Hit the two week mark today. As with most commitments, it has now evolved into a struggle not just to do, but to be mindful of the reasons I am doing. Staying away from the obvious processed foods has become easier — no chocolate for 2 weeks is what I am most impressed with, and I realized I didnt really craved boxed cookies to begin with. There is just something so much more alluring and, well, real, about the fresh ones. My consumption of sweets has plummeted, and fruit has become the natural substitute. I recently regained an appreciation for bosc pears, which I prefer to most apples, as it turns out. I want to try baking with them sometime soon. They seem pretty similar to Asian pears, which are also so good. When I was young, my family would go out to Brooklyn to visit my cousins and my aunt would almost always greet us with a plate of Asian pears, cut up and ready to be devoured. And there were almost always more waiting in the wings.

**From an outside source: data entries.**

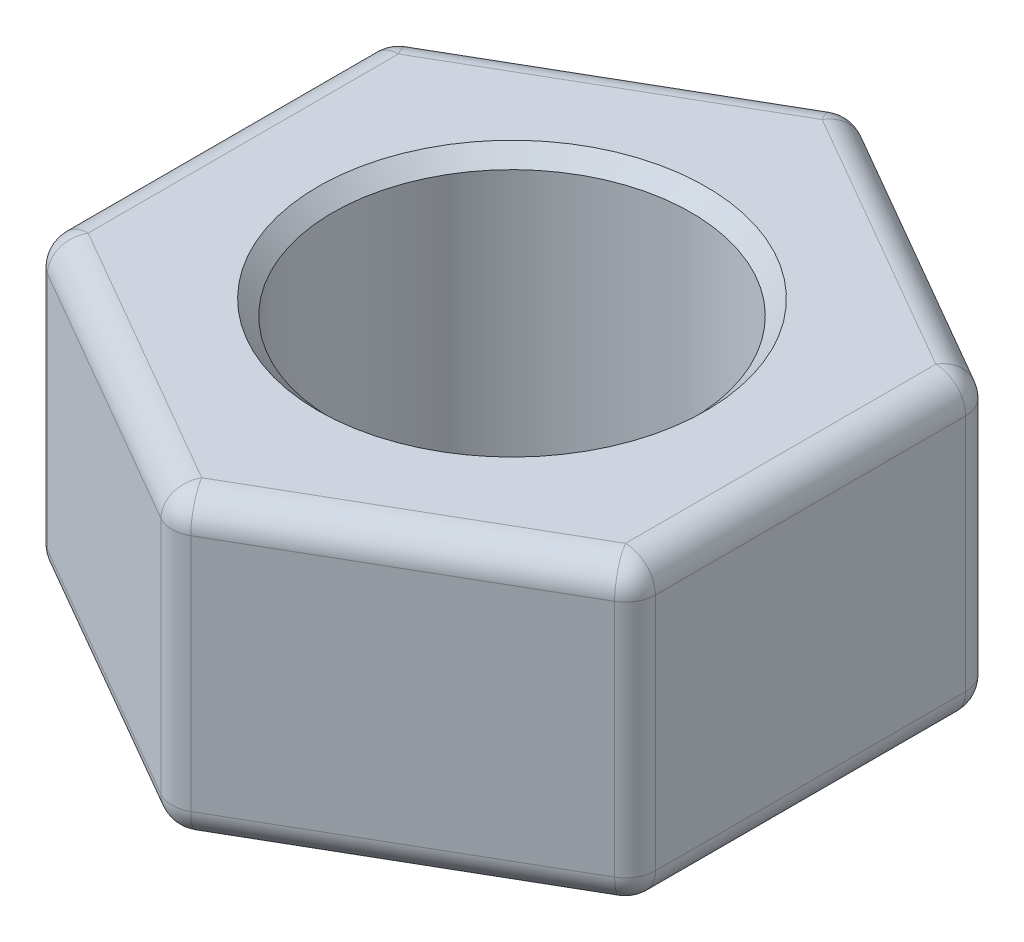
ISO-10303-21;
HEADER;
FILE_DESCRIPTION(('STEP AP214'),'2;1');
FILE_NAME('part.step','',(''),(''),'','','');
FILE_SCHEMA(('AUTOMOTIVE_DESIGN { 1 0 10303 214 1 1 1 1 }'));
ENDSEC;
DATA;
#1=APPLICATION_CONTEXT('core data for automotive mechanical design processes');
#2=APPLICATION_PROTOCOL_DEFINITION('international standard','automotive_design',2000,#1);
#3=PRODUCT_CONTEXT('',#1,'mechanical');
#4=PRODUCT('Part','Part','',(#3));
#5=PRODUCT_RELATED_PRODUCT_CATEGORY('part','',(#4));
#6=PRODUCT_DEFINITION_FORMATION('','',#4);
#7=PRODUCT_DEFINITION_CONTEXT('part definition',#1,'design');
#8=PRODUCT_DEFINITION('design','',#6,#7);
#9=PRODUCT_DEFINITION_SHAPE('','',#8);
#10=(LENGTH_UNIT() NAMED_UNIT(*) SI_UNIT(.MILLI.,.METRE.));
#11=(NAMED_UNIT(*) PLANE_ANGLE_UNIT() SI_UNIT($,.RADIAN.));
#12=(NAMED_UNIT(*) SI_UNIT($,.STERADIAN.) SOLID_ANGLE_UNIT());
#13=UNCERTAINTY_MEASURE_WITH_UNIT(LENGTH_MEASURE(1.E-05),#10,'distance_accuracy_value','');
#14=(GEOMETRIC_REPRESENTATION_CONTEXT(3) GLOBAL_UNCERTAINTY_ASSIGNED_CONTEXT((#13)) GLOBAL_UNIT_ASSIGNED_CONTEXT((#10,
#11,#12)) REPRESENTATION_CONTEXT('',''));
#15=CARTESIAN_POINT('',(0.,0.,0.));
#16=DIRECTION('',(0.,0.,1.));
#17=DIRECTION('',(1.,0.,0.));
#18=AXIS2_PLACEMENT_3D('',#15,#16,#17);
#19=CARTESIAN_POINT('',(0.,5.,0.));
#20=DIRECTION('',(0.,1.,0.));
#21=DIRECTION('',(0.,0.,1.));
#22=AXIS2_PLACEMENT_3D('',#19,#20,#21);
#23=PLANE('',#22);
#24=CARTESIAN_POINT('',(0.,5.,0.));
#25=DIRECTION('',(0.,1.,0.));
#26=DIRECTION('',(0.,0.,1.));
#27=AXIS2_PLACEMENT_3D('',#24,#25,#26);
#28=CIRCLE('',#27,3.25);
#29=CARTESIAN_POINT('',(0.,5.,3.25));
#30=VERTEX_POINT('',#29);
#31=EDGE_CURVE('E11',#30,#30,#28,.F.);
#32=ORIENTED_EDGE('',*,*,#31,.T.);
#33=EDGE_LOOP('',(#32));
#34=FACE_BOUND('',#33,.T.);
#35=DIRECTION('',(-0.866025403784438,0.,0.500000000000001));
#36=VECTOR('',#35,1.);
#37=CARTESIAN_POINT('',(-4.75,5.,-2.45373864405589));
#38=LINE('',#37,#36);
#39=CARTESIAN_POINT('',(0.,5.,-5.19615242270662));
#40=VERTEX_POINT('',#39);
#41=CARTESIAN_POINT('',(-4.5,5.,-2.5980762113533));
#42=VERTEX_POINT('',#41);
#43=EDGE_CURVE('E333',#40,#42,#38,.T.);
#44=ORIENTED_EDGE('',*,*,#43,.T.);
#45=DIRECTION('',(0.,0.,1.));
#46=VECTOR('',#45,1.);
#47=CARTESIAN_POINT('',(-4.49999999999998,5.,2.88675134594815));
#48=LINE('',#47,#46);
#49=CARTESIAN_POINT('',(-4.49999999999998,5.,2.59807621135333));
#50=VERTEX_POINT('',#49);
#51=EDGE_CURVE('E163',#42,#50,#48,.T.);
#52=ORIENTED_EDGE('',*,*,#51,.T.);
#53=DIRECTION('',(0.866025403784442,0.,0.499999999999995));
#54=VECTOR('',#53,1.);
#55=CARTESIAN_POINT('',(0.250000000000038,5.,5.34048999000403));
#56=LINE('',#55,#54);
#57=CARTESIAN_POINT('',(0.,5.,5.19615242270662));
#58=VERTEX_POINT('',#57);
#59=EDGE_CURVE('E158',#50,#58,#56,.T.);
#60=ORIENTED_EDGE('',*,*,#59,.T.);
#61=DIRECTION('',(0.866025403784435,0.,-0.500000000000007));
#62=VECTOR('',#61,1.);
#63=CARTESIAN_POINT('',(4.75000000000002,5.,2.45373864405586));
#64=LINE('',#63,#62);
#65=CARTESIAN_POINT('',(4.50000000000002,5.,2.59807621135327));
#66=VERTEX_POINT('',#65);
#67=EDGE_CURVE('E160',#58,#66,#64,.T.);
#68=ORIENTED_EDGE('',*,*,#67,.T.);
#69=DIRECTION('',(0.,0.,-1.));
#70=VECTOR('',#69,1.);
#71=CARTESIAN_POINT('',(4.49999999999996,5.,-2.88675134594818));
#72=LINE('',#71,#70);
#73=CARTESIAN_POINT('',(4.49999999999996,5.,-2.59807621135337));
#74=VERTEX_POINT('',#73);
#75=EDGE_CURVE('E167',#66,#74,#72,.T.);
#76=ORIENTED_EDGE('',*,*,#75,.T.);
#77=DIRECTION('',(-0.866025403784442,0.,-0.499999999999995));
#78=VECTOR('',#77,1.);
#79=CARTESIAN_POINT('',(-0.249999999999997,5.,-5.34048999000403));
#80=LINE('',#79,#78);
#81=EDGE_CURVE('E464',#74,#40,#80,.T.);
#82=ORIENTED_EDGE('',*,*,#81,.T.);
#83=EDGE_LOOP('',(#44,#52,#60,#68,#76,#82));
#84=FACE_BOUND('',#83,.T.);
#85=ADVANCED_FACE('F33',(#34,#84),#23,.T.);
#86=CARTESIAN_POINT('',(0.,0.,0.));
#87=DIRECTION('',(0.,1.,0.));
#88=DIRECTION('',(0.,0.,1.));
#89=AXIS2_PLACEMENT_3D('',#86,#87,#88);
#90=PLANE('',#89);
#91=CARTESIAN_POINT('',(0.,0.,0.));
#92=DIRECTION('',(0.,1.,0.));
#93=DIRECTION('',(0.,0.,1.));
#94=AXIS2_PLACEMENT_3D('',#91,#92,#93);
#95=CIRCLE('',#94,3.25);
#96=CARTESIAN_POINT('',(0.,0.,3.25));
#97=VERTEX_POINT('',#96);
#98=EDGE_CURVE('E267',#97,#97,#95,.T.);
#99=ORIENTED_EDGE('',*,*,#98,.T.);
#100=EDGE_LOOP('',(#99));
#101=FACE_BOUND('',#100,.T.);
#102=DIRECTION('',(0.866025403784442,0.,0.499999999999995));
#103=VECTOR('',#102,1.);
#104=CARTESIAN_POINT('',(-2.24999999999997,0.,3.89711431702998));
#105=LINE('',#104,#103);
#106=CARTESIAN_POINT('',(0.,0.,5.19615242270662));
#107=VERTEX_POINT('',#106);
#108=CARTESIAN_POINT('',(-4.49999999999998,0.,2.59807621135333));
#109=VERTEX_POINT('',#108);
#110=EDGE_CURVE('E292',#107,#109,#105,.F.);
#111=ORIENTED_EDGE('',*,*,#110,.T.);
#112=DIRECTION('',(0.,0.,1.));
#113=VECTOR('',#112,1.);
#114=CARTESIAN_POINT('',(-4.49999999999999,0.,0.));
#115=LINE('',#114,#113);
#116=CARTESIAN_POINT('',(-4.5,0.,-2.5980762113533));
#117=VERTEX_POINT('',#116);
#118=EDGE_CURVE('E294',#109,#117,#115,.F.);
#119=ORIENTED_EDGE('',*,*,#118,.T.);
#120=DIRECTION('',(-0.866025403784438,0.,0.500000000000001));
#121=VECTOR('',#120,1.);
#122=CARTESIAN_POINT('',(-2.25,0.,-3.89711431702996));
#123=LINE('',#122,#121);
#124=CARTESIAN_POINT('',(0.,0.,-5.19615242270662));
#125=VERTEX_POINT('',#124);
#126=EDGE_CURVE('E310',#117,#125,#123,.F.);
#127=ORIENTED_EDGE('',*,*,#126,.T.);
#128=DIRECTION('',(-0.866025403784442,0.,-0.499999999999995));
#129=VECTOR('',#128,1.);
#130=CARTESIAN_POINT('',(2.24999999999998,0.,-3.89711431703));
#131=LINE('',#130,#129);
#132=CARTESIAN_POINT('',(4.49999999999996,0.,-2.59807621135337));
#133=VERTEX_POINT('',#132);
#134=EDGE_CURVE('E342',#125,#133,#131,.F.);
#135=ORIENTED_EDGE('',*,*,#134,.T.);
#136=DIRECTION('',(0.,0.,-1.));
#137=VECTOR('',#136,1.);
#138=CARTESIAN_POINT('',(4.49999999999999,0.,0.));
#139=LINE('',#138,#137);
#140=CARTESIAN_POINT('',(4.50000000000002,0.,2.59807621135327));
#141=VERTEX_POINT('',#140);
#142=EDGE_CURVE('E300',#133,#141,#139,.F.);
#143=ORIENTED_EDGE('',*,*,#142,.T.);
#144=DIRECTION('',(0.866025403784435,0.,-0.500000000000007));
#145=VECTOR('',#144,1.);
#146=CARTESIAN_POINT('',(2.25000000000003,0.,3.89711431702995));
#147=LINE('',#146,#145);
#148=EDGE_CURVE('E296',#141,#107,#147,.F.);
#149=ORIENTED_EDGE('',*,*,#148,.T.);
#150=EDGE_LOOP('',(#111,#119,#127,#135,#143,#149));
#151=FACE_BOUND('',#150,.T.);
#152=ADVANCED_FACE('F285',(#101,#151),#90,.F.);
#153=CARTESIAN_POINT('',(4.99999999999996,5.,-2.88675134594818));
#154=DIRECTION('',(-0.499999999999995,0.,0.866025403784442));
#155=DIRECTION('',(0.866025403784442,0.,0.499999999999995));
#156=AXIS2_PLACEMENT_3D('',#153,#154,#155);
#157=PLANE('',#156);
#158=DIRECTION('',(0.,-1.,0.));
#159=VECTOR('',#158,1.);
#160=CARTESIAN_POINT('',(0.249999999999999,5.,-5.62916512459884));
#161=LINE('',#160,#159);
#162=CARTESIAN_POINT('',(0.249999999999999,0.5,-5.62916512459884));
#163=VERTEX_POINT('',#162);
#164=CARTESIAN_POINT('',(0.249999999999999,4.5,-5.62916512459884));
#165=VERTEX_POINT('',#164);
#166=EDGE_CURVE('E357',#163,#165,#161,.F.);
#167=ORIENTED_EDGE('',*,*,#166,.T.);
#168=DIRECTION('',(-0.866025403784442,0.,-0.499999999999995));
#169=VECTOR('',#168,1.);
#170=CARTESIAN_POINT('',(4.99999999999996,4.5,-2.88675134594818));
#171=LINE('',#170,#169);
#172=CARTESIAN_POINT('',(4.74999999999996,4.5,-3.03108891324559));
#173=VERTEX_POINT('',#172);
#174=EDGE_CURVE('E359',#165,#173,#171,.F.);
#175=ORIENTED_EDGE('',*,*,#174,.T.);
#176=DIRECTION('',(0.,-1.,0.));
#177=VECTOR('',#176,1.);
#178=CARTESIAN_POINT('',(4.74999999999996,5.,-3.03108891324559));
#179=LINE('',#178,#177);
#180=CARTESIAN_POINT('',(4.74999999999996,0.5,-3.03108891324559));
#181=VERTEX_POINT('',#180);
#182=EDGE_CURVE('E353',#173,#181,#179,.T.);
#183=ORIENTED_EDGE('',*,*,#182,.T.);
#184=DIRECTION('',(-0.866025403784442,0.,-0.499999999999995));
#185=VECTOR('',#184,1.);
#186=CARTESIAN_POINT('',(4.99999999999996,0.5,-2.88675134594818));
#187=LINE('',#186,#185);
#188=EDGE_CURVE('E355',#181,#163,#187,.T.);
#189=ORIENTED_EDGE('',*,*,#188,.T.);
#190=EDGE_LOOP('',(#167,#175,#183,#189));
#191=FACE_BOUND('',#190,.T.);
#192=ADVANCED_FACE('F288',(#191),#157,.F.);
#193=CARTESIAN_POINT('',(0.,5.,-5.77350269189625));
#194=DIRECTION('',(0.500000000000001,0.,0.866025403784438));
#195=DIRECTION('',(0.866025403784438,0.,-0.500000000000001));
#196=AXIS2_PLACEMENT_3D('',#193,#194,#195);
#197=PLANE('',#196);
#198=DIRECTION('',(0.,-1.,0.));
#199=VECTOR('',#198,1.);
#200=CARTESIAN_POINT('',(-4.75,5.,-3.03108891324552));
#201=LINE('',#200,#199);
#202=CARTESIAN_POINT('',(-4.75,0.5,-3.03108891324552));
#203=VERTEX_POINT('',#202);
#204=CARTESIAN_POINT('',(-4.75,4.5,-3.03108891324552));
#205=VERTEX_POINT('',#204);
#206=EDGE_CURVE('E348',#203,#205,#201,.F.);
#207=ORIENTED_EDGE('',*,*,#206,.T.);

But God knows I have not been perfect. Far from it, and some days I also realize I have eaten things in the past that I should not have, and should have known that I should not have had I stopped to think about it. Like any pizza that is not made with fresh cheese, which is 99% of the pizza out there. Love Pinnochio’s but their cheese is not kicking and screaming. So yes, no pizza not made with fresh cheese from hereon out. I suppose one could argue that cheese, the product, is by definition a processed food, since it requires handling and altering to make. But no unnatural ingredients need be added to make cheese (though preserving its shelf life is a different story), so what is done to it enhances and elevates the natural goodness of milk. From my pov, what is done to milk to make cheese amounts to taking the original ingredient and creating another edible form of itself — the latter still being a wholly natural product, in its unpreserved state. Same argument I would apply to olives.
Some days I catch myself saying no to food without remembering why, and such an action becomes pointless when that happens. The whole point is embedded in the why, and if I forget that, then I might as well eat that chocolate with the almonds and toffee bits, or ben and jerry’s chunky monkey. The challenge to forgo food for a purpose, that is tricky. I can see why sometimes vegetarians lose sight of why they don’t eat meat, and become so accustomed to doing it that eventually it loses significance. The lifestyle is no longer a gesture of defiance or resistance or a statement. I find that a sad place to be and I can see myself trickling toward that, and it is difficult to actively recall one’s motives. Some philosopher said man is his desires, but I think we can just as easily be our habits. In fact, that might be the more predominant state of existence, complacency. It’s a bitch to live for something.